You can also train kknn via a leave-one-out (train.kknn) crossvalidation method. This method can have a better accuracy as we will see below.
#Take (2/3)rd data for training and the rest for testing
#Number of rows in cc data
d.rows = nrow(ccdata)
#Randomly selecting (1/3)rd indexes among 654 indexes
d.sample = sample(1:d.rows, size = round(d.rows/3), replace = FALSE)
#Training data selected by excluding the 1/3rd sample
d.train = ccdata[-d.sample,]
#Test data seleted by including the 2/3rd sample
d.test = ccdata[d.sample,]
#Training of kknn method via leave-one-out (train.kknn) crossvalidation, we want to find the optimal value of 'k'
xval=train.kknn(R1 ~ ., data = d.train, kmax = 100, kernel = c("optimal","rectangular", "inv", "gaussian", "triangular"), scale = TRUE)
xval
##
## Call:
## train.kknn(formula = R1 ~ ., data = d.train, kmax = 100, kernel = c("optimal", "rectangular", "inv", "gaussian", "triangular"), scale = TRUE)
##
## Type of response variable: continuous
## minimal mean absolute error: 0.1880734
## Minimal mean squared error: 0.1114344
## Best kernel: inv
## Best k: 38
Now that we trained kknn, we can plot the classification error rate for different k values and kernel functions to see what value is best.

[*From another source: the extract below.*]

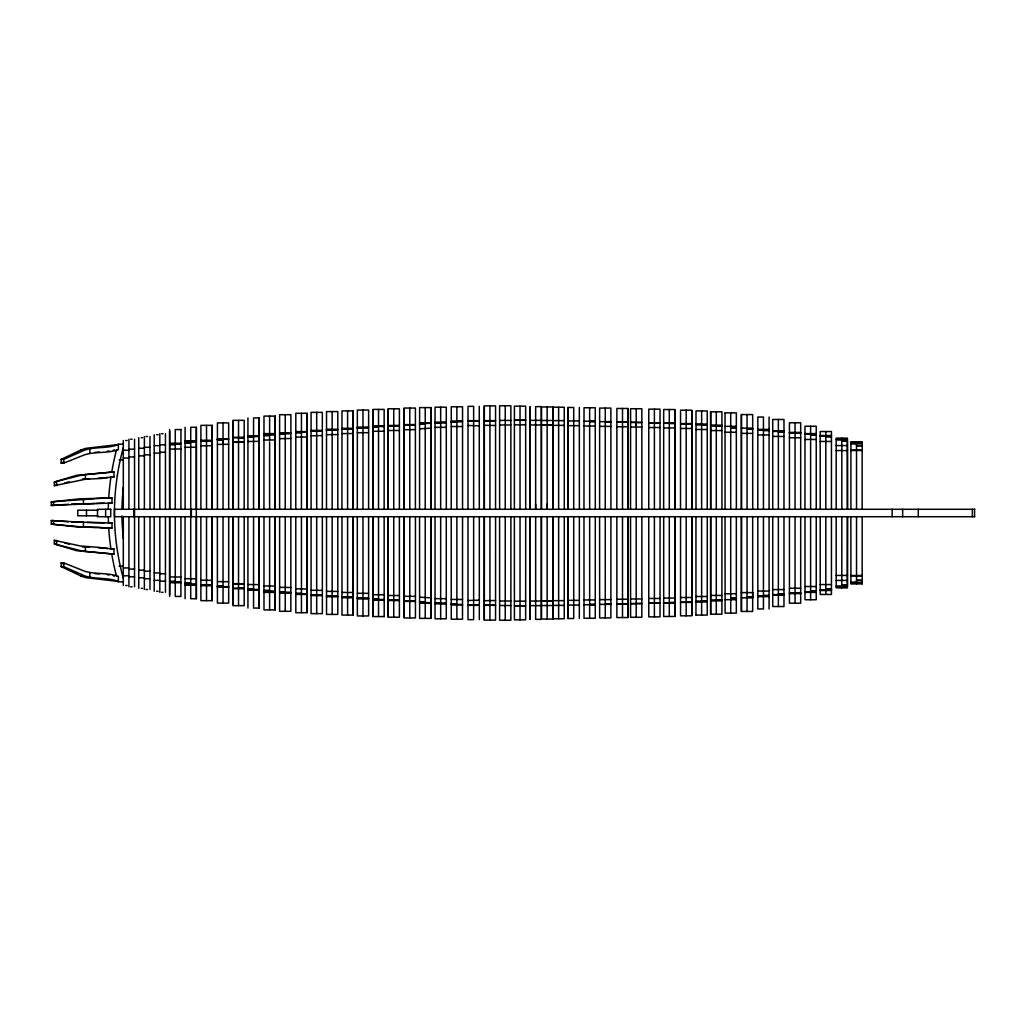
<?xml version="1.0" encoding="UTF-8"?>
<svg xmlns="http://www.w3.org/2000/svg" width="1026" height="1026" viewBox="0 0 1026 1026"><rect width="100%" height="100%" fill="white"/><g stroke="black" fill="none" stroke-linecap="round" stroke-linejoin="round"><path stroke-width="1.5" d="M185.103 442.155L190.721 442.155L190.721 441.18M206.521 585.269L212.113 585.269L200.904 585.205M223.04 444.335L223.04 439.282M238.532 584.576L238.545 583.653L232.915 583.653M505.241 605.738L505.241 606.776M535.649 504.189L535.649 509.281L535.649 406.629L541.266 406.629L541.305 509.281M547.14 504.164L547.14 509.281L547.14 406.976M636.21 427.047L636.21 422.43L630.759 422.417M347.596 428.714L353.136 428.663L341.979 428.663M499.624 420.506L505.241 420.301M841.807 586.308L836.19 586.385L847.425 586.385M223.04 586.718L228.606 586.718L217.422 586.654M238.532 588.27L244.111 588.27L232.915 588.193M362.973 427.727L368.552 427.675L357.356 427.727M409.784 424.905L415.325 424.867L404.167 424.905M725.113 599.671L730.794 599.671L730.807 598.299L736.335 598.196M326.537 429.74L332.155 429.689M378.53 599.62L384.057 599.62L372.913 599.62M108.294 508.793L108.358 505.972A245.086 245.086 0 0 1 108.461 503.163L111.988 503.086L111.988 497.931L96.277 498.482M752.674 597.094L747.069 597.106L752.674 597.106L752.674 592.566M489.915 421.006L495.507 420.814L484.31 421.006M419.608 423.802L430.843 423.122L419.608 423.122M468.023 420.955L479.257 420.724L468.023 420.673M123.3 487.44L122.466 497.238A241.726 241.726 0 0 0 121.979 509.024M117.413 475.076L116.99 477.885A250.318 250.318 0 0 0 115.912 486.311A247.099 247.099 0 0 0 114.925 497.546A245.086 245.086 0 0 0 114.54 505.972L114.476 508.793A234.12 234.12 0 0 0 114.476 517.219L114.54 520.028A245.086 245.086 0 0 0 114.925 528.454A247.099 247.099 0 0 0 115.912 539.689A250.318 250.318 0 0 0 116.99 548.115L117.413 550.924A244.881 244.881 0 0 0 118.888 559.35L119.439 562.158A262.399 262.399 0 0 0 121.299 570.584L123.3 578.433M123.3 447.567L121.299 455.416A262.399 262.399 0 0 0 119.439 463.842L118.888 466.65A244.881 244.881 0 0 0 117.413 475.153M118.362 444.54C107.756 448.734 95.726 446.566 84.953 450.016L63.689 459.391L61.162 459.391L61.162 463.149L63.689 463.149L84.953 454.659C95.777 451.478 107.666 453.518 118.362 449.696L118.362 444.54L85.812 448.336A79.271 12.838 0 0 1 80.9 449.914M61.162 459.391L81.041 449.927M61.162 463.149L63.997 461.918M98.239 478.27L113.95 477.052L113.95 471.896L84.183 474.756M102.895 478.373L85.402 479.245L54.34 485.67L54.34 482.028L76.629 475.307L113.95 471.896M54.34 482.028L80.554 475.359M54.34 485.67L57.315 484.913M64.741 483.002L69.204 481.861M107.397 451.235L109.205 450.991M111.988 497.931L79.438 498.841L51.3 501.868L51.3 505.472L94.956 503.535M484.31 600.71L495.545 600.505M107.589 477.539L103.01 477.975M51.3 501.868L94.956 498.674M430.843 428.137L419.608 428.83M94.995 452.389L99.33 452.043M725.1 593.798L736.335 593.708M51.3 505.472L68.434 504.292M71.551 504.087L98.175 503.484M479.257 600.172L468.023 600.531M473.64 605.327L479.257 605.276L468.023 605.327M82.503 479.039L89.159 478.719M419.608 424.315L425.187 424.123L419.608 424.123M108.461 503.266L98.817 503.381M104.37 503.266L96.277 503.42M279.611 434.126L285.19 434.049L279.611 434.049M275.224 434.998L263.99 435.075M295.821 437.153L307.069 437.012M279.611 438.666L290.845 438.512M200.904 441.283L206.47 441.206L200.904 441.206M175.279 443.912L180.858 443.835L169.662 443.912M185.103 447.323L196.338 447.195M169.662 449.106L180.897 448.965M311.083 431.189L316.649 431.125L311.083 431.125M263.99 435.537L269.543 435.46L263.99 435.46M253.563 436.46L259.129 436.396L247.946 436.46M247.946 436.961L253.512 436.896L247.946 436.896M238.545 437.807L244.111 437.743L232.915 437.743M217.422 439.872L222.95 439.795L217.422 439.795M263.99 440.064L275.224 439.936M190.721 442.155L196.338 442.091M247.946 441.501L259.18 441.36M232.915 442.347L244.162 442.283M217.422 444.412L228.657 444.271M200.904 445.823L212.138 445.682M332.155 429.74L337.746 429.689L326.537 429.689M311.083 435.742L322.331 435.614M736.335 432.292L725.1 432.202M357.356 432.741L368.59 432.651M341.979 433.626L353.213 433.523M326.537 434.665L337.772 434.562M415.402 429.637L404.167 429.714M372.913 431.292L384.147 431.228M393.74 425.739L399.268 425.713L388.123 425.713M378.53 426.418L384.057 426.38L372.913 426.418M440.667 422.597L446.207 422.584L435.05 422.584M388.123 430.51L399.358 430.471M505.241 420.442L510.858 420.442M499.624 424.995L510.858 424.982M435.05 427.355L446.284 427.342M805 439.487L816.234 439.474M820.197 441.462L831.445 441.449M836.177 445.579L847.412 445.566M850.913 450.132L862.148 450.119M856.53 582.422L850.913 582.422L862.148 582.422M778.362 594.67L772.77 594.682L783.979 594.682M710.672 595.426L721.906 595.413M763.447 596.093L757.842 596.093L769.077 596.093M696 596.516L707.247 596.491M680.559 597.517L691.806 597.504M716.289 600.325L710.697 600.338L721.906 600.338M701.617 601.403L696.051 601.416L707.247 601.416M680.725 602.262L686.189 602.249M648.842 603.121L654.396 603.108M630.759 603.583L636.197 603.57M622.5 603.865L617.024 603.878L628.117 603.75L622.654 603.75M553.014 407.232L564.249 407.232L564.3 509.281M710.672 411.798L710.672 509.281L710.633 411.824L721.906 411.798L721.945 509.281M725.1 412.888L736.335 412.888L736.373 509.281M741.439 414.568L741.439 509.281L741.388 414.555L752.674 414.568L752.712 509.281M275.224 416.094L275.224 509.281L275.263 416.094L263.99 416.094L263.939 509.281M259.18 417.941L259.18 509.281L259.219 417.941L253.563 417.941L253.563 509.281M530.057 420.378L541.266 420.378M541.536 420.468L552.757 420.468M484.31 420.647L495.545 420.647M553.027 420.622L564.249 420.622M568.096 420.929L579.331 420.929M451.26 421.237L462.508 421.237M584.025 421.237L595.26 421.237M451.26 421.519L462.431 421.519L456.891 421.519M599.646 421.635L610.88 421.635M616.882 422.007L628.117 422.007M628.117 422.135L617.024 422.122L622.5 422.135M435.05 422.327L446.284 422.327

A confusion matrix displays the number of correct and incorrect predictions made by the model compared with the actual classifications in the test data. The matrix is n-by-n, where n is the number of classes. Below is the confusion matrix of my model on the test data:
#Testing the model on test data
pred<-predict(xval, d.test)
pred_bin<-round(pred)
pred_accuracy<-table(pred_bin,d.test$R1)
pred_accuracy
##
## pred_bin 0 1
## 0 107 19
## 1 7 85
The calculated prediction accuracy is:
#Print KKNN prediction accuracy
sum(pred_bin==d.test$R1)/length(d.test$R1)
## [1] 0.8807339
KNN prediction accuracy using the leave-one-out crossvalidation method is 88% with the best K value being 38, this is 3% better than the standard KKNN method for the same data set.
From the different methods tested (SVM, KKNN, TRAIN.KKNN), SVM provided the best prediction accuracy at 95% for this data set.